What is a Rogers guardianship?
A guardian for an adult is a person appointed by a judge in the Probate and Family Court who is given responsibility to make decisions for an individual after a judge has decided they aren't competent to make their own informed decisions. Some guardians can make decisions about treatment of a person with mental illness that is considered “extraordinary” medical treatment. These are called Rogers guardianships.
At a Rogers guardianship hearing, the court is asked to authorize extraordinary medical treatment for an incapacitated person. This usually refers to treatment with antipsychotic medication, but it may include other intrusive treatments and procedures, such as sterilization or electroconvulsive therapy.
If a person who has been determined to be incapacitated is prescribed antipsychotic medications, the incapacitated person will need a guardian who has been granted Rogers authority by the court.
When can Rogers authority be granted?
Before Rogers authority is granted, the court must find that the person:
- Is incapacitated and not competent to give informed consent with respect to being treated with antipsychotic medications, and
- If incompetent, determine what the person would choose to do if they were competent, with regard to taking antipsychotic medication(s).
This is called a “substituted judgment” standard, where the court substitutes itself for the incapacitated person and attempts to determine what the person would decide for themself if they were competent.
The court must consider the following when determining substituted judgment:
- Preferences the person may have expressed previously regarding treatment with antipsychotic medications
- The person’s religious convictions
- The impact of the decision on the person’s family
- The probability of adverse side effects
- Possible outcomes (prognosis) with and without treatment
Rogers guardianship cases are reviewed every year by the court.
Petitioner & respondent
The person who files a petition in court is called the petitioner. The petitioner may be a:
- State agency
- Family member
The petitioner informs the court about the person’s condition and needs.
The person the petitioner thinks needs assistance is called the respondent. In a Rogers guardianship, the respondent is an incapacitated person.
The respondent has the right:
- To an attorney. When the petition is filed, if the respondent can't afford a lawyer, the court will appoint an attorney to represent them. The attorney will tell the court what the person wants, not necessarily what is in their best interests.

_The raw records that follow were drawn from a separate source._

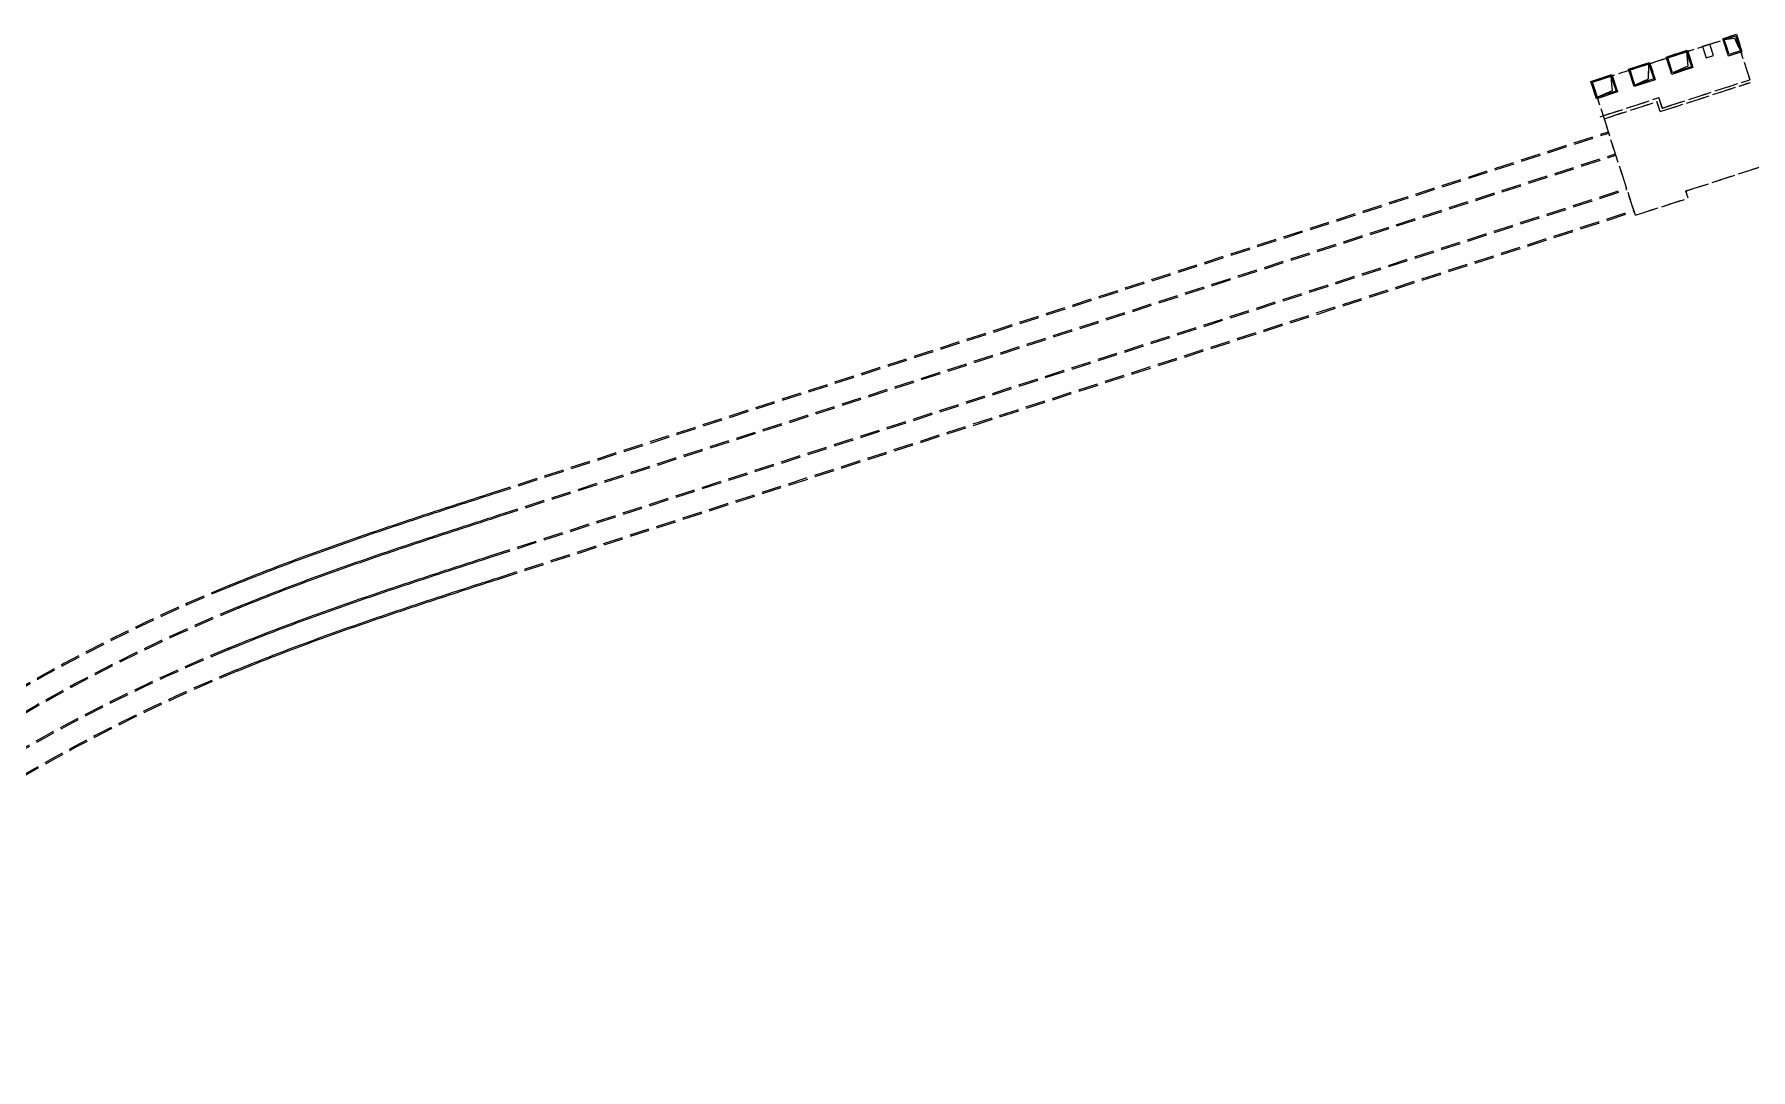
# Model space of a CAD drawing. Extents: x 0 to 531375, y 0 to 4335249.
# Drawn here: x 487947 to 488380.1, y 4324205.4 to 4324466.7 of the extents above; entities that cross this region are included whole.
import ezdxf

# ---------------------------------------------------------------- set-up
doc = ezdxf.new("R2010")
doc.units = 0
doc.linetypes.add('DASH', pattern=[0.35, 0.25, -0.1])
doc.layers.get('0').update_dxf_attribs({"lineweight": 15})
doc.layers.add('地铁', color=4, linetype='Continuous', lineweight=15)

# ---------------------------------------------------------------- blocks, each defined once
blk = doc.blocks.new('总图提取 2015 11 6')
at = {"layer": '地铁', "linetype": 'DASH', "lineweight": -3, "ltscale": 10}
for p, q in [((97381.3, 292039.09, 0), (97417.46, 292050.79, 0)), ((97417.46, 292050.79), (97421.04, 292039.71, 0)), ((97398.97, 292032.56, 0), (97421.04, 292039.71, 0)), ((97381.3, 292039.09, 0), (97384.87, 292028.05, 0)), ((97383.28, 292030.38, 0), (97398.12, 292035.18, 0)), ((97398.97, 292032.56, 0), (97398.12, 292035.18, 0)), ((97398.42, 292031.65, 0), (97421.26, 292039.04, 0)), ((97384.29, 292029.86, 0), (97397.61, 292034.17, 0)), ((97398.42, 292031.65, 0), (97397.61, 292034.17, 0)), ((97404.91, 292011.62, 0), (97466.84, 292031.67)), ((97392.17, 292005.51, 0), (97384.87, 292028.05, 0)), ((97392.17, 292005.51, 0), (97405.49, 292009.82, 0)), ((97405.49, 292009.82, 0), (97404.91, 292011.62, 0))]:
    blk.add_line(p, q, dxfattribs=at)
at = {"layer": '地铁', "linetype": 'DASH', "lineweight": -3, "ltscale": 10, "elevation": 0}
for points in [[(97410.01, 292045.23), (97411.91, 292045.84), (97410.99, 292048.7), (97409.08, 292048.08)], [(97419.07, 292046.79), (97415.64, 292045.68), (97414.23, 292050.06), (97417.65, 292051.17)], [(97418.69, 292046.98), (97415.83, 292046.06), (97414.6, 292049.87), (97417.46, 292050.79)], [(97390.44, 292042.36), (97395.77, 292044.09), (97397.18, 292039.71), (97391.86, 292037.99)], [(97390.82, 292042.17), (97395.57, 292043.71), (97396.81, 292039.9), (97392.05, 292038.36)], [(97401.37, 292041.06), (97399.95, 292045.44), (97405.28, 292047.17), (97406.7, 292042.79)], [(97401.56, 292041.44), (97400.33, 292045.25), (97405.09, 292046.79), (97406.32, 292042.98)], [(97380.93, 292039.28), (97386.25, 292041.01), (97387.67, 292036.63), (97382.34, 292034.91)], [(97381.3, 292039.09), (97386.06, 292040.63), (97387.29, 292036.82), (97382.53, 292035.29)]]:
    blk.add_lwpolyline(points, close=True, dxfattribs=at)
for points in [[(97414.6, 292049.87), (97417.16, 292050.21), (97418.69, 292046.98)], [(97392.05, 292038.36), (97395.49, 292039.96), (97395.57, 292043.71)], [(97405.09, 292046.79), (97405.39, 292043.16), (97401.56, 292041.44)], [(97382.53, 292035.29), (97386.36, 292037), (97386.06, 292040.63)]]:
    blk.add_lwpolyline(points, dxfattribs=at)
blk = doc.blocks.new('A$C1FB5052D')
blk.add_blockref('总图提取 2015 11 6', (-107044.53, -294821.73))
blk = doc.blocks.new('天津2000地铁')
at = {"layer": '地铁', "linetype": 'DASH', "ltscale": 20}
for p, q in [((-9663.22, -2782.64, 0), (-9627.07, -2770.94, 0)), ((-9627.07, -2770.94), (-9623.48, -2782.02, 0)), ((-9663.22, -2782.64, 0), (-9659.65, -2793.67, 0)), ((-9646.1, -2790.08, 0), (-9623.27, -2782.69, 0)), ((-9645.55, -2789.16, 0), (-9623.48, -2782.02, 0)), ((-9661.24, -2791.35, 0), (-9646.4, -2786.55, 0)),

- To notice that a petition for guardianship has been filed and the date, time, and place of the court hearing
- To be present at the hearing unless there are significant reasons for not attending
- To object to the appointment of a guardian and the right to present evidence and cross-examine
- To object to who will be named guardian or monitor.
What is a Rogers monitor?
When the court grants the guardian Rogers authority, the court also appoints a person who is called a Rogers monitor to oversee that the respondent is being medicated in accordance with the court-approved treatment plan. The Rogers monitor may be the person who was appointed as guardian or it may be a different person.
The Rogers monitor should immediately review the details of the Appointment of Rogers Monitor (CJP 115) form, which describes the duties of the monitor. The Rogers monitor and the guardian will review medical records, meet with staff, and may attend case conferences if the respondent is in a hospital or other facility.
The Rogers monitor must report to the court in writing on a regular basis. A report must be filed prior to the yearly review. Failure to file reports may result in removal of the monitor.